# Windows 8 und Star wars the old republic



## Klaus1985 (13. Dezember 2012)

Hallo, zusammen ich habe meinem Pc ein Upgrade von win 7 auf win 8 spendiert, jetzt würde ich gerne Swtor spielen leider geht das nicht, der Launcher findet immer wieder fehlerhafte dateien oder wenn man mal fertig runtergeladen wurde dann stoppt dies bei ca 20% der Hauptdaten, hab schon im offziellen Forum nachgeforscht den Kundensupport angerufen( nach 2std warten kein durch kommen) ich bin mit meinem Latein am Ende, hoffe ihr könnt mir helfen, seit letzten Sonntag versuche ich das Spiel zu installieren

Grüße


----------



## Eyora (13. Dezember 2012)

Ich habe es erst die Tage auf Windows 8 installiert.
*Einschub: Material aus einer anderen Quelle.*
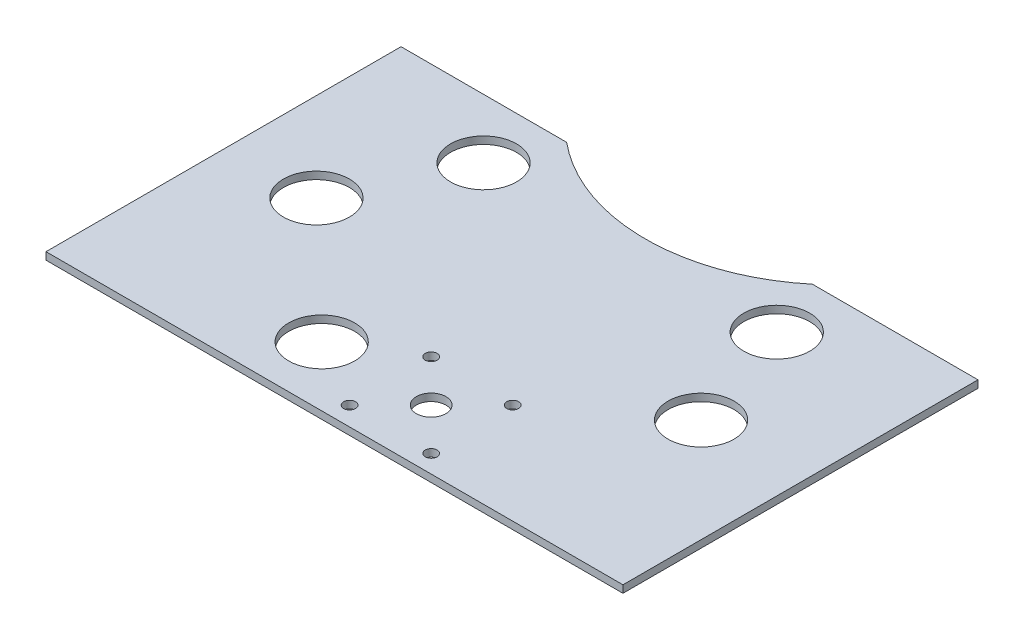
ISO-10303-21;
HEADER;
FILE_DESCRIPTION(('STEP AP214'),'2;1');
FILE_NAME('part.step','',(''),(''),'','','');
FILE_SCHEMA(('AUTOMOTIVE_DESIGN { 1 0 10303 214 1 1 1 1 }'));
ENDSEC;
DATA;
#1=APPLICATION_CONTEXT('core data for automotive mechanical design processes');
#2=APPLICATION_PROTOCOL_DEFINITION('international standard','automotive_design',2000,#1);
#3=PRODUCT_CONTEXT('',#1,'mechanical');
#4=PRODUCT('Part','Part','',(#3));
#5=PRODUCT_RELATED_PRODUCT_CATEGORY('part','',(#4));
#6=PRODUCT_DEFINITION_FORMATION('','',#4);
#7=PRODUCT_DEFINITION_CONTEXT('part definition',#1,'design');
#8=PRODUCT_DEFINITION('design','',#6,#7);
#9=PRODUCT_DEFINITION_SHAPE('','',#8);
#10=(LENGTH_UNIT() NAMED_UNIT(*) SI_UNIT(.MILLI.,.METRE.));
#11=(NAMED_UNIT(*) PLANE_ANGLE_UNIT() SI_UNIT($,.RADIAN.));
#12=(NAMED_UNIT(*) SI_UNIT($,.STERADIAN.) SOLID_ANGLE_UNIT());
#13=UNCERTAINTY_MEASURE_WITH_UNIT(LENGTH_MEASURE(1.E-05),#10,'distance_accuracy_value','');
#14=(GEOMETRIC_REPRESENTATION_CONTEXT(3) GLOBAL_UNCERTAINTY_ASSIGNED_CONTEXT((#13)) GLOBAL_UNIT_ASSIGNED_CONTEXT((#10,
#11,#12)) REPRESENTATION_CONTEXT('',''));
#15=CARTESIAN_POINT('',(0.,0.,0.));
#16=DIRECTION('',(0.,0.,1.));
#17=DIRECTION('',(1.,0.,0.));
#18=AXIS2_PLACEMENT_3D('',#15,#16,#17);
#19=CARTESIAN_POINT('',(-123.825,3.175,-96.52));
#20=DIRECTION('',(0.,0.,-1.));
#21=DIRECTION('',(-1.,0.,0.));
#22=AXIS2_PLACEMENT_3D('',#19,#20,#21);
#23=PLANE('',#22);
#24=DIRECTION('',(1.,0.,0.));
#25=VECTOR('',#24,1.);
#26=CARTESIAN_POINT('',(-123.825,0.,-96.52));
#27=LINE('',#26,#25);
#28=CARTESIAN_POINT('',(-123.825,0.,-96.52));
#29=VERTEX_POINT('',#28);
#30=CARTESIAN_POINT('',(-52.7470615295299,0.,-96.52));
#31=VERTEX_POINT('',#30);
#32=EDGE_CURVE('E129',#29,#31,#27,.T.);
#33=ORIENTED_EDGE('',*,*,#32,.F.);
#34=DIRECTION('',(0.,-1.,0.));
#35=VECTOR('',#34,1.);
#36=CARTESIAN_POINT('',(-123.825,3.175,-96.52));
#37=LINE('',#36,#35);
#38=CARTESIAN_POINT('',(-123.825,3.175,-96.52));
#39=VERTEX_POINT('',#38);
#40=EDGE_CURVE('E11',#39,#29,#37,.T.);
#41=ORIENTED_EDGE('',*,*,#40,.F.);
#42=DIRECTION('',(1.,0.,0.));
#43=VECTOR('',#42,1.);
#44=CARTESIAN_POINT('',(-123.825,3.175,-96.52));
#45=LINE('',#44,#43);
#46=CARTESIAN_POINT('',(-52.7470615295299,3.175,-96.52));
#47=VERTEX_POINT('',#46);
#48=EDGE_CURVE('E150',#39,#47,#45,.T.);
#49=ORIENTED_EDGE('',*,*,#48,.T.);
#50=DIRECTION('',(0.,-1.,0.));
#51=VECTOR('',#50,1.);
#52=CARTESIAN_POINT('',(-52.7470615295299,3.175,-96.52));
#53=LINE('',#52,#51);
#54=EDGE_CURVE('E42',#47,#31,#53,.T.);
#55=ORIENTED_EDGE('',*,*,#54,.T.);
#56=EDGE_LOOP('',(#33,#41,#49,#55));
#57=FACE_BOUND('',#56,.T.);
#58=ADVANCED_FACE('F39',(#57),#23,.T.);
#59=CARTESIAN_POINT('',(-123.825,3.175,55.88));
#60=DIRECTION('',(-1.,0.,0.));
#61=DIRECTION('',(0.,0.,1.));
#62=AXIS2_PLACEMENT_3D('',#59,#60,#61);
#63=PLANE('',#62);
#64=DIRECTION('',(0.,0.,-1.));
#65=VECTOR('',#64,1.);
#66=CARTESIAN_POINT('',(-123.825,0.,55.88));
#67=LINE('',#66,#65);
#68=CARTESIAN_POINT('',(-123.825,0.,55.88));
#69=VERTEX_POINT('',#68);
#70=EDGE_CURVE('E147',#69,#29,#67,.T.);
#71=ORIENTED_EDGE('',*,*,#70,.F.);
#72=DIRECTION('',(0.,-1.,0.));
#73=VECTOR('',#72,1.);
#74=CARTESIAN_POINT('',(-123.825,3.175,55.88));
#75=LINE('',#74,#73);
#76=CARTESIAN_POINT('',(-123.825,3.175,55.88));
#77=VERTEX_POINT('',#76);
#78=EDGE_CURVE('E49',#77,#69,#75,.T.);
#79=ORIENTED_EDGE('',*,*,#78,.F.);
#80=DIRECTION('',(0.,0.,-1.));
#81=VECTOR('',#80,1.);
#82=CARTESIAN_POINT('',(-123.825,3.175,55.88));
#83=LINE('',#82,#81);
#84=EDGE_CURVE('E104',#77,#39,#83,.T.);
#85=ORIENTED_EDGE('',*,*,#84,.T.);
#86=ORIENTED_EDGE('',*,*,#40,.T.);
#87=EDGE_LOOP('',(#71,#79,#85,#86));
#88=FACE_BOUND('',#87,.T.);
#89=ADVANCED_FACE('F163',(#88),#63,.T.);
#90=CARTESIAN_POINT('',(-123.825,3.175,55.88));
#91=DIRECTION('',(0.,0.,-1.));
#92=DIRECTION('',(-1.,0.,0.));
#93=AXIS2_PLACEMENT_3D('',#90,#91,#92);
#94=PLANE('',#93);
#95=DIRECTION('',(1.,0.,0.));
#96=VECTOR('',#95,1.);
#97=CARTESIAN_POINT('',(-123.825,0.,55.88));
#98=LINE('',#97,#96);
#99=CARTESIAN_POINT('',(123.825,0.,55.88));
#100=VERTEX_POINT('',#99);
#101=EDGE_CURVE('E110',#69,#100,#98,.T.);
#102=ORIENTED_EDGE('',*,*,#101,.T.);
#103=DIRECTION('',(0.,-1.,0.));
#104=VECTOR('',#103,1.);
#105=CARTESIAN_POINT('',(123.825,3.175,55.88));
#106=LINE('',#105,#104);
#107=CARTESIAN_POINT('',(123.825,3.175,55.88));
#108=VERTEX_POINT('',#107);
#109=EDGE_CURVE('E108',#108,#100,#106,.T.);
#110=ORIENTED_EDGE('',*,*,#109,.F.);
#111=DIRECTION('',(1.,0.,0.));
#112=VECTOR('',#111,1.);
#113=CARTESIAN_POINT('',(-123.825,3.175,55.88));
#114=LINE('',#113,#112);
#115=EDGE_CURVE('E98',#77,#108,#114,.T.);
#116=ORIENTED_EDGE('',*,*,#115,.F.);
#117=ORIENTED_EDGE('',*,*,#78,.T.);
#118=EDGE_LOOP('',(#102,#110,#116,#117));
#119=FACE_BOUND('',#118,.T.);
#120=ADVANCED_FACE('F109',(#119),#94,.F.);
#121=CARTESIAN_POINT('',(123.825,3.175,55.88));
#122=DIRECTION('',(-1.,0.,0.));
#123=DIRECTION('',(0.,0.,1.));
#124=AXIS2_PLACEMENT_3D('',#121,#122,#123);
#125=PLANE('',#124);
#126=DIRECTION('',(0.,0.,-1.));
#127=VECTOR('',#126,1.);
#128=CARTESIAN_POINT('',(123.825,0.,55.88));
#129=LINE('',#128,#127);
#130=CARTESIAN_POINT('',(123.825,0.,-96.52));
#131=VERTEX_POINT('',#130);
#132=EDGE_CURVE('E142',#100,#131,#129,.T.);
#133=ORIENTED_EDGE('',*,*,#132,.T.);
#134=DIRECTION('',(0.,-1.,0.));
#135=VECTOR('',#134,1.);
#136=CARTESIAN_POINT('',(123.825,3.175,-96.52));
#137=LINE('',#136,#135);
#138=CARTESIAN_POINT('',(123.825,3.175,-96.52));
#139=VERTEX_POINT('',#138);
#140=EDGE_CURVE('E114',#139,#131,#137,.T.);
#141=ORIENTED_EDGE('',*,*,#140,.F.);
#142=DIRECTION('',(0.,0.,-1.));
#143=VECTOR('',#142,1.);
#144=CARTESIAN_POINT('',(123.825,3.175,55.88));
#145=LINE('',#144,#143);
#146=EDGE_CURVE('E102',#108,#139,#145,.T.);
#147=ORIENTED_EDGE('',*,*,#146,.F.);
#148=ORIENTED_EDGE('',*,*,#109,.T.);
#149=EDGE_LOOP('',(#133,#141,#147,#148));
#150=FACE_BOUND('',#149,.T.);
#151=ADVANCED_FACE('F116',(#150),#125,.F.);
#152=CARTESIAN_POINT('',(123.825,3.175,-96.52));
#153=DIRECTION('',(0.,0.,1.));
#154=DIRECTION('',(1.,0.,0.));
#155=AXIS2_PLACEMENT_3D('',#152,#153,#154);
#156=PLANE('',#155);
#157=DIRECTION('',(-1.,0.,0.));
#158=VECTOR('',#157,1.);
#159=CARTESIAN_POINT('',(123.825,0.,-96.52));
#160=LINE('',#159,#158);
#161=CARTESIAN_POINT('',(52.7470615295298,0.,-96.52));
#162=VERTEX_POINT('',#161);
#163=EDGE_CURVE('E138',#131,#162,#160,.T.);
#164=ORIENTED_EDGE('',*,*,#163,.T.);
#165=DIRECTION('',(0.,-1.,0.));
#166=VECTOR('',#165,1.);
#167=CARTESIAN_POINT('',(52.7470615295298,3.175,-96.52));
#168=LINE('',#167,#166);
#169=CARTESIAN_POINT('',(52.7470615295298,3.175,-96.52));
#170=VERTEX_POINT('',#169);
#171=EDGE_CURVE('E155',#170,#162,#168,.T.);
#172=ORIENTED_EDGE('',*,*,#171,.F.);
#173=DIRECTION('',(-1.,0.,0.));
#174=VECTOR('',#173,1.);
#175=CARTESIAN_POINT('',(123.825,3.175,-96.52));
#176=LINE('',#175,#174);
#177=EDGE_CURVE('E120',#139,#170,#176,.T.);
#178=ORIENTED_EDGE('',*,*,#177,.F.);
#179=ORIENTED_EDGE('',*,*,#140,.T.);
#180=EDGE_LOOP('',(#164,#172,#178,#179));
#181=FACE_BOUND('',#180,.T.);
#182=ADVANCED_FACE('F176',(#181),#156,.F.);
#183=CARTESIAN_POINT('',(0.,3.175,-160.02));
#184=DIRECTION('',(0.,-1.,0.));
#185=DIRECTION('',(0.,0.,-1.));
#186=AXIS2_PLACEMENT_3D('',#183,#184,#185);
#187=CYLINDRICAL_SURFACE('',#186,82.55);
#188=CARTESIAN_POINT('',(0.,0.,-160.02));
#189=DIRECTION('',(0.,1.,0.));
#190=DIRECTION('',(0.,0.,1.));
#191=AXIS2_PLACEMENT_3D('',#188,#189,#190);
#192=CIRCLE('',#191,82.55);
#193=EDGE_CURVE('E133',#31,#162,#192,.T.);
#194=ORIENTED_EDGE('',*,*,#193,.F.);
#195=ORIENTED_EDGE('',*,*,#54,.F.);
#196=CARTESIAN_POINT('',(0.,3.175,-160.02));
#197=DIRECTION('',(0.,1.,0.));
#198=DIRECTION('',(0.,0.,1.));
#199=AXIS2_PLACEMENT_3D('',#196,#197,#198);
#200=CIRCLE('',#199,82.55);
#201=EDGE_CURVE('E123',#47,#170,#200,.T.);
#202=ORIENTED_EDGE('',*,*,#201,.T.);
#203=ORIENTED_EDGE('',*,*,#171,.T.);
#204=EDGE_LOOP('',(#194,#195,#202,#203));
#205=FACE_BOUND('',#204,.T.);
#206=ADVANCED_FACE('F159',(#205),#187,.F.);
#207=CARTESIAN_POINT('',(0.,3.175,-160.02));
#208=DIRECTION('',(0.,1.,0.));
#209=DIRECTION('',(0.,0.,1.));
#210=AXIS2_PLACEMENT_3D('',#207,#208,#209);
#211=PLANE('',#210);
#212=CARTESIAN_POINT('',(62.9334955393349,3.175,-71.0350243309003));
#213=DIRECTION('',(0.,-1.,0.));
#214=DIRECTION('',(0.,0.,1.));
#215=AXIS2_PLACEMENT_3D('',#212,#213,#214);
#216=CIRCLE('',#215,14.1605);
#217=CARTESIAN_POINT('',(62.9334955393349,3.175,-56.8745243309003));
#218=VERTEX_POINT('',#217);
#219=EDGE_CURVE('E237',#218,#218,#216,.T.);
#220=ORIENTED_EDGE('',*,*,#219,.T.);
#221=EDGE_LOOP('',(#220));
#222=FACE_BOUND('',#221,.T.);
#223=CARTESIAN_POINT('',(-62.9334955393349,3.175,-71.0350243309003));
#224=DIRECTION('',(0.,1.,0.));
#225=DIRECTION('',(0.,0.,1.));
#226=AXIS2_PLACEMENT_3D('',#223,#224,#225);
#227=CIRCLE('',#226,14.1605);
#228=CARTESIAN_POINT('',(-62.9334955393349,3.175,-56.8745243309003));
#229=VERTEX_POINT('',#228);
#230=EDGE_CURVE('E241',#229,#229,#227,.T.);
#231=ORIENTED_EDGE('',*,*,#230,.F.);
#232=EDGE_LOOP('',(#231));
#233=FACE_BOUND('',#232,.T.);
#234=CARTESIAN_POINT('',(-31.115,3.175,30.2569424475206));
#235=DIRECTION('',(0.,1.,0.));
#236=DIRECTION('',(0.,0.,1.));
#237=AXIS2_PLACEMENT_3D('',#234,#235,#236);
#238=CIRCLE('',#237,14.1605);
#239=CARTESIAN_POINT('',(-31.115,3.175,44.4174424475206));
#240=VERTEX_POINT('',#239);
#241=EDGE_CURVE('E248',#240,#240,#238,.T.);
#242=ORIENTED_EDGE('',*,*,#241,.F.);
#243=EDGE_LOOP('',(#242));
#244=FACE_BOUND('',#243,.T.);
#245=CARTESIAN_POINT('',(-85.725,3.175,-22.098));
#246=DIRECTION('',(0.,-1.,0.));
#247=DIRECTION('',(0.,0.,-1.));
#248=AXIS2_PLACEMENT_3D('',#245,#246,#247);
#249=CIRCLE('',#248,14.1605);
#250=CARTESIAN_POINT('',(-85.725,3.175,-36.2585));
#251=VERTEX_POINT('',#250);
#252=EDGE_CURVE('E256',#251,#251,#249,.T.);
#253=ORIENTED_EDGE('',*,*,#252,.T.);
#254=EDGE_LOOP('',(#253));
#255=FACE_BOUND('',#254,.T.);
#256=CARTESIAN_POINT('',(79.375,3.175,-22.098));
#257=DIRECTION('',(0.,-1.,0.));
#258=DIRECTION('',(0.,0.,-1.));
#259=AXIS2_PLACEMENT_3D('',#256,#257,#258);
#260=CIRCLE('',#259,14.1605);
#261=CARTESIAN_POINT('',(79.375,3.175,-36.2585));
#262=VERTEX_POINT('',#261);
#263=EDGE_CURVE('E267',#262,#262,#260,.T.);
#264=ORIENTED_EDGE('',*,*,#263,.T.);
#265=EDGE_LOOP('',(#264));
#266=FACE_BOUND('',#265,.T.);
#267=CARTESIAN_POINT('',(-1.62500000000002,3.175,47.7569424475206));
#268=DIRECTION('',(0.,1.,0.));
#269=DIRECTION('',(0.,0.,1.));
#270=AXIS2_PLACEMENT_3D('',#267,#268,#269);
#271=CIRCLE('',#270,2.5527);
#272=CARTESIAN_POINT('',(-1.62500000000002,3.175,50.3096424475206));
#273=VERTEX_POINT('',#272);
#274=EDGE_CURVE('E275',#273,#273,#271,.T.);
#275=ORIENTED_EDGE('',*,*,#274,.F.);
#276=EDGE_LOOP('',(#275));
#277=FACE_BOUND('',#276,.T.);
#278=CARTESIAN_POINT('',(33.375,3.175,12.7569424475206));
#279=DIRECTION('',(0.,1.,0.));
#280=DIRECTION('',(0.,0.,1.));
#281=AXIS2_PLACEMENT_3D('',#278,#279,#280);
#282=CIRCLE('',#281,2.5527);
#283=CARTESIAN_POINT('',(33.375,3.175,15.3096424475206));
#284=VERTEX_POINT('',#283);
#285=EDGE_CURVE('E283',#284,#284,#282,.T.);
#286=ORIENTED_EDGE('',*,*,#285,.F.);
#287=EDGE_LOOP('',(#286));
#288=FACE_BOUND('',#287,.T.);
#289=CARTESIAN_POINT('',(-2.08551224213836,3.175,12.2964302053823));
#290=DIRECTION('',(0.,1.,0.));
#291=DIRECTION('',(0.,0.,1.));
#292=AXIS2_PLACEMENT_3D('',#289,#290,#291);
#293=CIRCLE('',#292,2.5527);
#294=CARTESIAN_POINT('',(-2.08551224213836,3.175,14.8491302053823));
#295=VERTEX_POINT('',#294);
#296=EDGE_CURVE('E291',#295,#295,#293,.T.);
#297=ORIENTED_EDGE('',*,*,#296,.F.);
#298=EDGE_LOOP('',(#297));
#299=FACE_BOUND('',#298,.T.);
#300=CARTESIAN_POINT('',(33.8355122421383,3.175,48.2174546896589));
#301=DIRECTION('',(0.,1.,0.));
#302=DIRECTION('',(0.,0.,1.));
#303=AXIS2_PLACEMENT_3D('',#300,#301,#302);
#304=CIRCLE('',#303,2.5527);
#305=CARTESIAN_POINT('',(33.8355122421383,3.175,50.7701546896589));
#306=VERTEX_POINT('',#305);
#307=EDGE_CURVE('E299',#306,#306,#304,.T.);
#308=ORIENTED_EDGE('',*,*,#307,.F.);
#309=EDGE_LOOP('',(#308));
#310=FACE_BOUND('',#309,.T.);
#311=CARTESIAN_POINT('',(15.875,3.175,30.2569424475206));
#312=DIRECTION('',(0.,1.,0.));
#313=DIRECTION('',(0.,0.,1.));
#314=AXIS2_PLACEMENT_3D('',#311,#312,#313);
#315=CIRCLE('',#314,6.35);
#316=CARTESIAN_POINT('',(15.875,3.175,36.6069424475206));
#317=VERTEX_POINT('',#316);
#318=EDGE_CURVE('E307',#317,#317,#315,.T.);
#319=ORIENTED_EDGE('',*,*,#318,.F.);
#320=EDGE_LOOP('',(#319));
#321=FACE_BOUND('',#320,.T.);
#322=ORIENTED_EDGE('',*,*,#48,.F.);
#323=ORIENTED_EDGE('',*,*,#84,.F.);
#324=ORIENTED_EDGE('',*,*,#115,.T.);
#325=ORIENTED_EDGE('',*,*,#146,.T.);
#326=ORIENTED_EDGE('',*,*,#177,.T.);
#327=ORIENTED_EDGE('',*,*,#201,.F.);
#328=EDGE_LOOP('',(#322,#323,#324,#325,#326,#327));
#329=FACE_BOUND('',#328,.T.);
#330=ADVANCED_FACE('F100',(#222,#233,#244,#255,#266,#277,#288,#299,#310,#321,#329),#211,.T.);
#331=CARTESIAN_POINT('',(0.,0.,-160.02));
#332=DIRECTION('',(0.,1.,0.));
#333=DIRECTION('',(0.,0.,1.));
#334=AXIS2_PLACEMENT_3D('',#331,#332,#333);
#335=PLANE('',#334);
#336=CARTESIAN_POINT('',(62.9334955393349,0.,-71.0350243309003));
#337=DIRECTION('',(0.,-1.,0.));
#338=DIRECTION('',(0.,0.,1.));
#339=AXIS2_PLACEMENT_3D('',#336,#337,#338);
#340=CIRCLE('',#339,14.1605);
#341=CARTESIAN_POINT('',(62.9334955393349,0.,-56.8745243309003));
#342=VERTEX_POINT('',#341);
#343=EDGE_CURVE('E235',#342,#342,#340,.T.);
#344=ORIENTED_EDGE('',*,*,#343,.F.);
#345=EDGE_LOOP('',(#344));
#346=FACE_BOUND('',#345,.T.);
#347=CARTESIAN_POINT('',(-62.9334955393349,0.,-71.0350243309003));
#348=DIRECTION('',(0.,1.,0.));
#349=DIRECTION('',(0.,0.,1.));
#350=AXIS2_PLACEMENT_3D('',#347,#348,#349);
#351=CIRCLE('',#350,14.1605);
#352=CARTESIAN_POINT('',(-62.9334955393349,0.,-56.8745243309003));
#353=VERTEX_POINT('',#352);
#354=EDGE_CURVE('E244',#353,#353,#351,.T.);
#355=ORIENTED_EDGE('',*,*,#354,.T.);
#356=EDGE_LOOP('',(#355));
#357=FACE_BOUND('',#356,.T.);
#358=CARTESIAN_POINT('',(-31.115,0.,30.2569424475206));
#359=DIRECTION('',(0.,1.,0.));
#360=DIRECTION('',(0.,0.,1.));
#361=AXIS2_PLACEMENT_3D('',#358,#359,#360);
#362=CIRCLE('',#361,14.1605);
#363=CARTESIAN_POINT('',(-31.115,0.,44.4174424475206));
#364=VERTEX_POINT('',#363);
#365=EDGE_CURVE('E252',#364,#364,#362,.T.);
#366=ORIENTED_EDGE('',*,*,#365,.T.);
#367=EDGE_LOOP('',(#366));
#368=FACE_BOUND('',#367,.T.);
#369=CARTESIAN_POINT('',(-85.725,0.,-22.098));
#370=DIRECTION('',(0.,1.,0.));
#371=DIRECTION('',(0.,0.,1.));
#372=AXIS2_PLACEMENT_3D('',#369,#370,#371);
#373=CIRCLE('',#372,14.1605);
#374=CARTESIAN_POINT('',(-85.725,0.,-7.93749999999999));
#375=VERTEX_POINT('',#374);
#376=EDGE_CURVE('E263',#375,#375,#373,.T.);
#377=ORIENTED_EDGE('',*,*,#376,.T.);
#378=EDGE_LOOP('',(#377));
#379=FACE_BOUND('',#378,.T.);
#380=CARTESIAN_POINT('',(79.375,0.,-22.098));
#381=DIRECTION('',(0.,1.,0.));
#382=DIRECTION('',(0.,0.,1.));
#383=AXIS2_PLACEMENT_3D('',#380,#381,#382);
#384=CIRCLE('',#383,14.1605);
#385=CARTESIAN_POINT('',(79.375,0.,-7.93749999999999));
#386=VERTEX_POINT('',#385);
#387=EDGE_CURVE('E271',#386,#386,#384,.T.);
#388=ORIENTED_EDGE('',*,*,#387,.T.);
#389=EDGE_LOOP('',(#388));
#390=FACE_BOUND('',#389,.T.);
#391=CARTESIAN_POINT('',(-1.62500000000002,0.,47.7569424475206));
#392=DIRECTION('',(0.,1.,0.));
#393=DIRECTION('',(0.,0.,1.));
#394=AXIS2_PLACEMENT_3D('',#391,#392,#393);
#395=CIRCLE('',#394,2.5527);
#396=CARTESIAN_POINT('',(-1.62500000000002,0.,50.3096424475206));
#397=VERTEX_POINT('',#396);
#398=EDGE_CURVE('E279',#397,#397,#395,.T.);
#399=ORIENTED_EDGE('',*,*,#398,.T.);
#400=EDGE_LOOP('',(#399));
#401=FACE_BOUND('',#400,.T.);
#402=CARTESIAN_POINT('',(33.375,0.,12.7569424475206));
#403=DIRECTION('',(0.,1.,0.));
#404=DIRECTION('',(0.,0.,1.));
#405=AXIS2_PLACEMENT_3D('',#402,#403,#404);
#406=CIRCLE('',#405,2.5527);
#407=CARTESIAN_POINT('',(33.375,0.,15.3096424475206));
#408=VERTEX_POINT('',#407);
#409=EDGE_CURVE('E287',#408,#408,#406,.T.);
#410=ORIENTED_EDGE('',*,*,#409,.T.);
#411=EDGE_LOOP('',(#410));
#412=FACE_BOUND('',#411,.T.);
#413=CARTESIAN_POINT('',(-2.08551224213836,0.,12.2964302053823));
#414=DIRECTION('',(0.,1.,0.));
#415=DIRECTION('',(0.,0.,1.));
#416=AXIS2_PLACEMENT_3D('',#413,#414,#415);
#417=CIRCLE('',#416,2.5527);
#418=CARTESIAN_POINT('',(-2.08551224213836,0.,14.8491302053823));
#419=VERTEX_POINT('',#418);
#420=EDGE_CURVE('E295',#419,#419,#417,.T.);
#421=ORIENTED_EDGE('',*,*,#420,.T.);
#422=EDGE_LOOP('',(#421));
#423=FACE_BOUND('',#422,.T.);
#424=CARTESIAN_POINT('',(33.8355122421383,0.,48.2174546896589));
#425=DIRECTION('',(0.,1.,0.));
#426=DIRECTION('',(0.,0.,1.));
#427=AXIS2_PLACEMENT_3D('',#424,#425,#426);
#428=CIRCLE('',#427,2.5527);
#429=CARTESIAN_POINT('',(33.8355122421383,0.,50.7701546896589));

Läuft ohne Probleme. 
Hast du mal versucht von CD zu installieren? dann ist auch der Download nur noch klein.


----------



## Klaus1985 (13. Dezember 2012)

ja habe es von cd installiert aber der braucht für die 2.5gb recht lange zum installieren und bleibt dann einfach irgendwann bei 20% stehen


----------



## Tikume (13. Dezember 2012)

Nimm halt den Client von der offiziellen Seite, damit geht es auf jeden Fall.
Habe auch Windows 8 und kann Eyora nur zustimmen.


----------



## Klaus1985 (13. Dezember 2012)

danke für die infos, ich werde es nochmal über client probieren vielleicht läufts ja diesmal


----------